Rakuten Inc. surged the most in more than a decade after the Japanese e-commerce operator announced plans to buy back as much as 100 billion yen ($881 million) of stock.
Rakuten | Source: Shutterstock
By
  • Bloomberg

TOKYO, Japan — Rakuten Inc. surged the most in more than a decade after the Japanese e-commerce operator announced plans to buy back as much as 100 billion yen ($881 million) of stock at a significant discount to a share issue just 20 months ago.

Shares climbed 11 percent to 1,149 yen in early Tokyo trade, headed for the biggest gain since 2004. Before today, the stock had fallen 46 percent since the 2015 issue. The Tokyo-based company will buy as many as 120 million shares.

Rakuten, which joined the Nikkei 225 Index last year, said Tuesday that it will repurchase its own stock from Feb. 22 through Feb. 21 of 2018, representing 8.4 percent of total shares outstanding. Rakuten gave the reason for a buyback in a single sentence: “The market price of our shares, capital efficiency and financial conditions were all taken into consideration.”

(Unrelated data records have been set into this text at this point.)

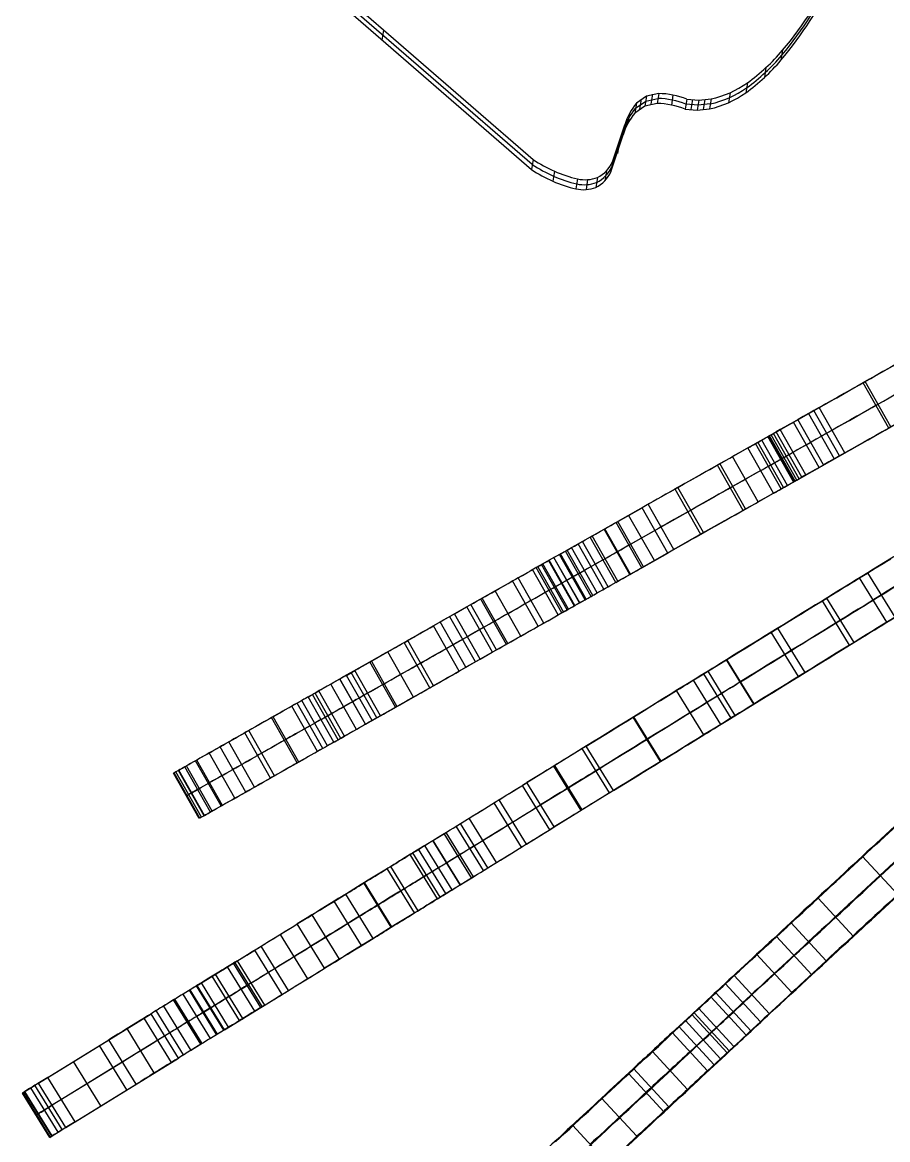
# Model space of a CAD drawing. Extents: x 14 to 133, y -39 to 144.
# Drawn here: x 14.09 to 47.3, y 27.97 to 70.88 of the extents above; entities that cross this region are included whole.
import ezdxf

# ---------------------------------------------------------------- set-up
doc = ezdxf.new("R2010")
doc.units = 0
doc.header["$MEASUREMENT"] = 0
doc.layers.add('LAYER_1', color=255, linetype='CONTINUOUS')

msp = doc.modelspace()

# ---------------------------------------------------------------- linework, layer by layer
at = {"layer": 'LAYER_1', "color": 9}
for p, q in [((22.237, 75.554, 70.058), (33.692, 65.617, 71.632)), ((22.237, 75.554, 70.058), (33.692, 65.617, 71.632)), ((22.175, 75.172, 68.096), (33.63, 65.235, 69.67)), ((22.175, 75.172, 68.096), (33.63, 65.235, 69.67)), ((33.661, 65.426, 70.651), (22.206, 75.363, 69.077)), ((27.902, 70.203, 68.883), (27.964, 70.586, 70.845)), ((43.271, 69.809, 70.512), (43.209, 69.426, 68.55)), ((43.271, 69.809, 70.512), (43.209, 69.426, 68.55)), ((42.634, 69.144, 70.662), (42.572, 68.762, 68.699)), ((41.92, 68.559, 70.798), (41.858, 68.177, 68.836)), ((41.92, 68.559, 70.798), (41.858, 68.177, 68.836)), ((37.628, 67.589, 70.104), (38.018, 67.86, 70.039)), ((38.049, 68.051, 71.02), (37.659, 67.78, 71.085)), ((38.049, 68.051, 71.02), (37.659, 67.78, 71.085)), ((37.84, 67.935, 71.049), (37.778, 67.553, 69.087)), ((38.049, 68.051, 71.02), (37.987, 67.669, 69.058)), ((38.049, 68.051, 71.02), (37.987, 67.669, 69.058)), ((38.018, 67.86, 70.039), (38.485, 67.957, 70.005)), ((38.516, 68.149, 70.986), (38.049, 68.051, 71.02)), ((38.516, 68.149, 70.986), (38.049, 68.051, 71.02)), ((38.277, 68.123, 70.999), (38.215, 67.741, 69.036)), ((38.516, 68.149, 70.986), (38.454, 67.766, 69.024)), ((38.516, 68.149, 70.986), (38.454, 67.766, 69.024)), ((39.064, 68.089, 70.98), (39.002, 67.706, 69.018)), ((39.593, 67.934, 70.994), (39.531, 67.552, 69.032)), ((39.593, 67.934, 70.994), (39.531, 67.552, 69.032)), ((39.593, 67.934, 70.994), (40.059, 67.893, 70.987)), ((39.593, 67.934, 70.994), (40.059, 67.893, 70.987)), ((39.764, 67.531, 69.028), (39.826, 67.914, 70.99)), ((40.059, 67.893, 70.987), (39.997, 67.511, 69.025)), ((40.059, 67.893, 70.987), (39.997, 67.511, 69.025)), ((40.059, 67.893, 70.987), (40.527, 67.939, 70.963)), ((40.059, 67.893, 70.987), (40.527, 67.939, 70.963)), ((40.231, 67.534, 69.013), (40.293, 67.916, 70.975)), ((40.527, 67.939, 70.963), (40.465, 67.557, 69.001)), ((40.527, 67.939, 70.963), (40.465, 67.557, 69.001)), ((41.256, 68.179, 70.893), (41.194, 67.797, 68.931)), ((37.395, 67.388, 71.17), (37.333, 67.005, 69.208)), ((37.659, 67.78, 71.085), (37.597, 67.397, 69.123)), ((37.659, 67.78, 71.085), (37.597, 67.397, 69.123)), ((37.987, 67.669, 69.058), (37.597, 67.397, 69.123)), ((37.987, 67.669, 69.058), (37.597, 67.397, 69.123)), ((38.454, 67.766, 69.024), (37.987, 67.669, 69.058)), ((38.454, 67.766, 69.024), (37.987, 67.669, 69.058)), ((39.531, 67.552, 69.032), (39.997, 67.511, 69.025)), ((39.531, 67.552, 69.032), (39.997, 67.511, 69.025)), ((40.028, 67.702, 70.006), (39.562, 67.743, 70.013)), ((39.997, 67.511, 69.025), (40.465, 67.557, 69.001)), ((39.997, 67.511, 69.025), (40.465, 67.557, 69.001)), ((40.496, 67.748, 69.982), (40.028, 67.702, 70.006)), ((36.744, 65.529, 71.553), (37.217, 66.95, 71.261)), ((36.744, 65.529, 71.553), (37.217, 66.95, 71.261)), ((37.217, 66.95, 71.261), (37.155, 66.568, 69.299)), ((37.217, 66.95, 71.261), (37.155, 66.568, 69.299)), ((36.682, 65.147, 69.591), (37.155, 66.568, 69.299)), ((36.682, 65.147, 69.591), (37.155, 66.568, 69.299)), ((37.186, 66.759, 70.28), (36.713, 65.338, 70.572)), ((37.002, 66.233, 71.407), (36.94, 65.85, 69.445)), ((33.692, 65.617, 71.632), (33.63, 65.235, 69.67)), ((33.692, 65.617, 71.632), (33.63, 65.235, 69.67)), ((36.744, 65.529, 71.553), (36.682, 65.147, 69.591)), ((36.744, 65.529, 71.553), (36.682, 65.147, 69.591)), ((34.512, 65.165, 71.695), (34.45, 64.783, 69.732)), ((35.402, 64.869, 71.724), (35.339, 64.486, 69.762)), ((35.402, 64.869, 71.724), (35.339, 64.486, 69.762)), ((35.787, 64.842, 71.717), (35.725, 64.459, 69.755)), ((36.165, 64.922, 71.689), (36.103, 64.54, 69.727)), ((36.165, 64.922, 71.689), (36.103, 64.54, 69.727)), ((36.506, 65.178, 71.629), (36.444, 64.796, 69.667)), ((42.748, 54.996, 67.461), (47.64, 57.765, 68.266)), ((47.424, 55.345, 69.095), (46.439, 57.086, 69.094)), ((47.347, 55.297, 61.148), (46.362, 57.037, 61.147)), ((43.733, 53.255, 67.462), (48.625, 56.024, 68.267)), ((44.675, 56.088, 70.073), (43.859, 55.626, 70.46)), ((44.675, 56.088, 70.073), (43.859, 55.626, 70.46)), ((44.267, 55.857, 70.267), (45.252, 54.116, 70.268)), ((45.459, 54.229, 63.439), (44.473, 55.97, 63.438)), ((45.459, 54.229, 63.439), (44.473, 55.97, 63.438)), ((45.66, 54.347, 70.074), (44.675, 56.088, 70.073)), ((45.66, 54.347, 70.074), (44.675, 56.088, 70.073)), ((44.674, 53.785, 64.614), (43.688, 55.526, 64.613)), ((44.844, 53.885, 70.461), (43.859, 55.626, 70.46)), ((44.844, 53.885, 70.461), (43.859, 55.626, 70.46)), ((43.695, 53.233, 67.841), (42.709, 54.974, 67.84)), ((42.731, 54.985, 67.084), (42.831, 55.042, 66.469)), ((42.731, 54.985, 67.084), (42.831, 55.042, 66.469)), ((43.716, 53.245, 67.085), (42.731, 54.985, 67.084)), ((43.716, 53.245, 67.085), (42.731, 54.985, 67.084)), ((43.754, 53.266, 66.775), (42.769, 55.007, 66.774)), ((42.831, 55.042, 66.469), (43.028, 55.153, 65.886)), ((42.831, 55.042, 66.469), (43.028, 55.153, 65.886)), ((43.816, 53.301, 66.47), (42.831, 55.042, 66.469)), ((43.816, 53.301, 66.47), (42.831, 55.042, 66.469)), ((43.903, 53.35, 66.173), (42.918, 55.091, 66.172)), ((44.014, 53.413, 65.887), (43.028, 55.153, 65.886)), ((44.014, 53.413, 65.887), (43.028, 55.153, 65.886)), ((44.161, 53.5, 72.058), (43.176, 55.24, 72.057)), ((44.351, 54.755, 70.461), (45.168, 55.218, 70.074)), ((40.767, 53.875, 69.62), (41.943, 54.541, 69.028)), ((40.767, 53.875, 69.62), (41.943, 54.541, 69.028)), ((42.928, 52.8, 69.029), (41.943, 54.541, 69.028)), ((42.928, 52.8, 69.029), (41.943, 54.541, 69.028)), ((43.22, 52.965, 68.827), (42.235, 54.706, 68.826)), ((43.309, 53.018, 73.543), (42.324, 54.759, 73.542)), ((43.309, 53.018, 73.543), (42.324, 54.759, 73.542)), ((43.456, 53.099, 68.546), (42.471, 54.839, 68.545)), ((43.456, 53.099, 68.546), (42.471, 54.839, 68.545)), ((42.339, 52.467, 69.323), (41.354, 54.208, 69.322)), ((43.324, 54.172, 66.469), (43.223, 54.115, 67.084)), ((43.521, 54.283, 65.886), (43.324, 54.172, 66.469)), ((45.66, 54.347, 70.074), (44.844, 53.885, 70.461)), ((45.66, 54.347, 70.074), (44.844, 53.885, 70.461)), ((41.752, 52.135, 69.621), (40.767, 53.875, 69.62)), ((41.752, 52.135, 69.621), (40.767, 53.875, 69.62)), ((41.851, 52.194, 75.526), (40.865, 53.934, 75.525)), ((42.436, 53.67, 69.028), (41.26, 53.005, 69.621)), ((40.054, 53.472, 70.057), (39.128, 52.952, 77.48)), ((43.716, 53.245, 67.085), (43.816, 53.301, 66.47)), ((43.716, 53.245, 67.085), (43.816, 53.301, 66.47)), ((43.816, 53.301, 66.47), (44.014, 53.413, 65.887)), ((43.816, 53.301, 66.47), (44.014, 53.413, 65.887)), ((39.256, 53.024, 77.347), (36.941, 51.715, 79.61)), ((39.256, 53.024, 77.347), (36.941, 51.715, 79.61)), ((40.128, 51.216, 70.829), (39.143, 52.957, 70.828)), ((40.241, 51.284, 77.348), (39.256, 53.024, 77.347)), ((40.241, 51.284, 77.348), (39.256, 53.024, 77.347)), ((41.752, 52.135, 69.621), (42.928, 52.8, 69.029)), ((41.752, 52.135, 69.621), (42.928, 52.8, 69.029)), ((39.099, 50.638, 78.501), (38.114, 52.379, 78.5)), ((36.883, 51.68, 74.557), (37.878, 52.242, 72.51)), ((36.883, 51.68, 74.557), (37.878, 52.242, 72.51)), ((38.348, 50.21, 73.523), (37.362, 51.95, 73.522)), ((37.433, 50.845, 79.611), (39.748, 52.154, 77.348)), ((38.863, 50.501, 72.511), (37.878, 52.242, 72.51)), ((38.863, 50.501, 72.511), (37.878, 52.242, 72.51)), ((37.868, 49.939, 74.558), (36.883, 51.68, 74.557)), ((37.868, 49.939, 74.558), (36.883, 51.68, 74.557)), ((37.926, 49.975, 79.611), (36.941, 51.715, 79.61)), ((37.926, 49.975, 79.611), (36.941, 51.715, 79.61)), ((41.039, 51.732, 70.058), (40.113, 51.211, 77.481)), ((35.882, 51.116, 79.77), (35, 50.617, 79.384)), ((35.882, 51.116, 79.77), (35, 50.617, 79.384)), ((36.867, 49.375, 79.771), (35.882, 51.116, 79.77)), ((36.867, 49.375, 79.771), (35.882, 51.116, 79.77)), ((36.95, 49.42, 75.621), (35.965, 51.161, 75.62)), ((36.95, 49.42, 75.621), (35.965, 51.161, 75.62)), ((37.406, 49.68, 79.773), (36.42, 51.421, 79.772)), ((37.437, 49.696, 75.122), (36.452, 51.436, 75.121)), ((38.371, 51.372, 72.51), (37.376, 50.809, 74.558)), ((40.241, 51.284, 77.348), (37.926, 49.975, 79.611)), ((40.241, 51.284, 77.348), (37.926, 49.975, 79.611)), ((36.155, 48.97, 76.003), (35.169, 50.711, 76.002)), ((36.155, 48.97, 76.003), (35.169, 50.711, 76.002)), ((36.415, 49.119, 79.612), (35.43, 50.86, 79.611)), ((36.575, 49.208, 75.874), (35.59, 50.948, 75.873)), ((34.496, 50.331, 79.126), (34.071, 50.091, 79.24)), ((34.496, 50.331, 79.126), (34.071, 50.091, 79.24)), ((34.284, 50.211, 79.183), (35.269, 48.471, 79.184)), ((34.709, 50.45, 75.884), (34.307, 50.222, 75.471)), ((34.709, 50.45, 75.884), (34.307, 50.222, 75.471)), ((35.292, 48.482, 75.472), (34.307, 50.222, 75.471)), ((35.292, 48.482, 75.472), (34.307, 50.222, 75.471)), ((35.474, 48.585, 75.703), (34.489, 50.325, 75.702)), ((34.496, 50.331, 79.126), (35, 50.617, 79.384)), ((34.496, 50.331, 79.126), (35, 50.617, 79.384)), ((35.482, 48.591, 79.127), (34.496, 50.331, 79.126)), ((35.482, 48.591, 79.127), (34.496, 50.331, 79.126)), ((35.695, 48.71, 75.885), (34.709, 50.45, 75.884)), ((35.695, 48.71, 75.885), (34.709, 50.45, 75.884)), ((35.735, 48.735, 79.251), (34.75, 50.475, 79.25)), ((35.917, 48.836, 75.981), (34.932, 50.576, 75.98)), ((35.985, 48.876, 79.385), (35, 50.617, 79.384)), ((35.985, 48.876, 79.385), (35, 50.617, 79.384)), ((35.493, 49.746, 79.385), (36.374, 50.246, 79.77)), ((37.868, 49.939, 74.558), (38.863, 50.501, 72.511)), ((37.868, 49.939, 74.558), (38.863, 50.501, 72.511)), ((34.071, 50.091, 79.24), (33.668, 49.863, 79.27)), ((34.071, 50.091, 79.24), (33.668, 49.863, 79.27)), ((34.654, 48.122, 79.271), (33.668, 49.863, 79.27)), ((34.654, 48.122, 79.271), (33.668, 49.863, 79.27)), ((34.8, 48.203, 74.308), (33.815, 49.943, 74.307)), ((34.8, 48.203, 74.308), (33.815, 49.943, 74.307)), ((33.87, 49.977, 79.255), (34.855, 48.236, 79.256)), ((35.007, 48.32, 74.912), (34.022, 50.06, 74.911)), ((35.056, 48.35, 79.241), (34.071, 50.091, 79.24)), ((35.056, 48.35, 79.241), (34.071, 50.091, 79.24)), ((33.894, 47.692, 79.085), (32.909, 49.433, 79.084)), ((34.103, 47.807, 72.056), (33.118, 49.547, 72.055)), ((34.564, 49.221, 79.24), (34.989, 49.461, 79.126)), ((34.8, 49.352, 75.472), (35.202, 49.58, 75.885)), ((35.493, 49.746, 79.385), (34.989, 49.461, 79.126)), ((36.867, 49.375, 79.771), (35.985, 48.876, 79.385)), ((36.867, 49.375, 79.771), (35.985, 48.876, 79.385)), ((47.273, 47.843, 68.673), (46.224, 49.546, 68.673)), ((47.589, 48.04, 60.783), (46.54, 49.743, 60.783)), ((32.237, 49.047, 69.89), (31.152, 48.431, 67.586)), ((32.237, 49.047, 69.89), (31.152, 48.431, 67.586)), ((33.222, 47.306, 69.891), (32.237, 49.047, 69.89)), ((33.222, 47.306, 69.891), (32.237, 49.047, 69.89)), ((33.225, 47.313, 78.633), (32.24, 49.054, 78.632)), ((33.225, 47.313, 78.633), (32.24, 49.054, 78.632)), ((34.161, 48.993, 79.271), (34.564, 49.221, 79.24)), ((40.062, 45.752, 68.218), (45.454, 49.072, 69.136)), ((32.288, 46.782, 77.456), (31.303, 48.523, 77.455)), ((32.288, 46.782, 77.456), (31.303, 48.523, 77.455)), ((32.673, 46.995, 68.743), (31.687, 48.735, 68.742)), ((32.723, 47.029, 78.079), (31.738, 48.77, 78.078)), ((35.482, 48.591, 79.127), (35.056, 48.35, 79.241)), ((35.482, 48.591, 79.127), (35.056, 48.35, 79.241)), ((35.695, 48.71, 75.885), (35.292, 48.482, 75.472)), ((35.695, 48.71, 75.885), (35.292, 48.482, 75.472)), ((35.482, 48.591, 79.127), (35.985, 48.876, 79.385)), ((35.482, 48.591, 79.127), (35.985, 48.876, 79.385)), ((45.846, 46.967, 62.117), (44.798, 48.67, 62.118)), ((45.846, 46.967, 62.117), (44.798, 48.67, 62.118)), ((46.013, 47.067, 69.397), (44.964, 48.771, 69.397)), ((46.013, 47.067, 69.397), (44.964, 48.771, 69.397)), ((31.152, 48.431, 67.586), (29.874, 47.707, 65.739)), ((31.152, 48.431, 67.586), (29.874, 47.707, 65.739)), ((31.666, 46.43, 76.32), (30.681, 48.17, 76.319)), ((32.137, 46.691, 67.587), (31.152, 48.431, 67.586)), ((32.137, 46.691, 67.587), (31.152, 48.431, 67.586)), ((31.644, 47.561, 67.587), (32.729, 48.177, 69.89)), ((35.056, 48.35, 79.241), (34.654, 48.122, 79.271)), ((35.056, 48.35, 79.241), (34.654, 48.122, 79.271)), ((30.859, 45.967, 65.74), (29.874, 47.707, 65.739)), ((30.859, 45.967, 65.74), (29.874, 47.707, 65.739)), ((31.114, 46.117, 75.138), (30.129, 47.857, 75.137)), ((31.114, 46.117, 75.138), (30.129, 47.857, 75.137)), ((31.477, 46.317, 66.683), (30.491, 48.057, 66.682)), ((26.311, 45.69, 64.758), (29.628, 47.567, 65.303)), ((30.367, 46.837, 65.739), (31.644, 47.561, 67.587)), ((33.222, 47.306, 69.891), (32.137, 46.691, 67.587)), ((33.222, 47.306, 69.891), (32.137, 46.691, 67.587)), ((41.11, 44.049, 68.217), (46.503, 47.369, 69.136)), ((43.883, 45.757, 64.017), (42.834, 47.46, 64.017)), ((44.133, 45.91, 70.269), (43.085, 47.613, 70.269)), ((29.725, 45.328, 71.739), (28.74, 47.069, 71.738)), ((29.871, 45.406, 63.791), (28.885, 47.146, 63.79)), ((26.85, 45.989, 55.176), (28.117, 46.71, 61.715)), ((26.85, 45.989, 55.176), (28.117, 46.71, 61.715)), ((27.484, 46.35, 58.445), (28.469, 44.609, 58.446)), ((29.102, 44.97, 61.716), (28.117, 46.71, 61.715)), ((29.102, 44.97, 61.716), (28.117, 46.71, 61.715)), ((32.137, 46.691, 67.587), (30.859, 45.967, 65.74)), ((32.137, 46.691, 67.587), (30.859, 45.967, 65.74)), ((42.162, 44.697, 66.217), (41.113, 46.4, 66.218)), ((42.162, 44.697, 66.217), (41.113, 46.4, 66.218)), ((42.183, 44.709, 70.89), (41.134, 46.412, 70.89)), ((42.183, 44.709, 70.89), (41.134, 46.412, 70.89)), ((26.525, 45.804, 53.684), (26.85, 45.989, 55.176)), ((26.525, 45.804, 53.684), (26.85, 45.989, 55.176)), ((27.835, 44.249, 55.177), (26.85, 45.989, 55.176)), ((27.835, 44.249, 55.177), (26.85, 45.989, 55.176)), ((28.417, 44.586, 68.298), (27.432, 46.326, 68.297)), ((28.417, 44.586, 68.298), (27.432, 46.326, 68.297)), ((41.457, 44.263, 67.444), (40.409, 45.966, 67.445)), ((27.262, 43.923, 53.088), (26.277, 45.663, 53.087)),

In fact, the transaction is essentially a trade by billionaire Chairman Hiroshi Mikitani to buy back shares at a bargain from when they were issued in June 2015, plus some. Back then, Rakuten sold almost 100 million shares for 1,905.5 yen apiece, raising about 181 billion yen. The stock closed on Tuesday at 1,032.5 yen, a drop of 46 percent over the period. Like other Japanese companies sitting on a comfortable cash pile, Rakuten has enough on its balance sheet to fund the repurchase: 548 billion yen as of end-December.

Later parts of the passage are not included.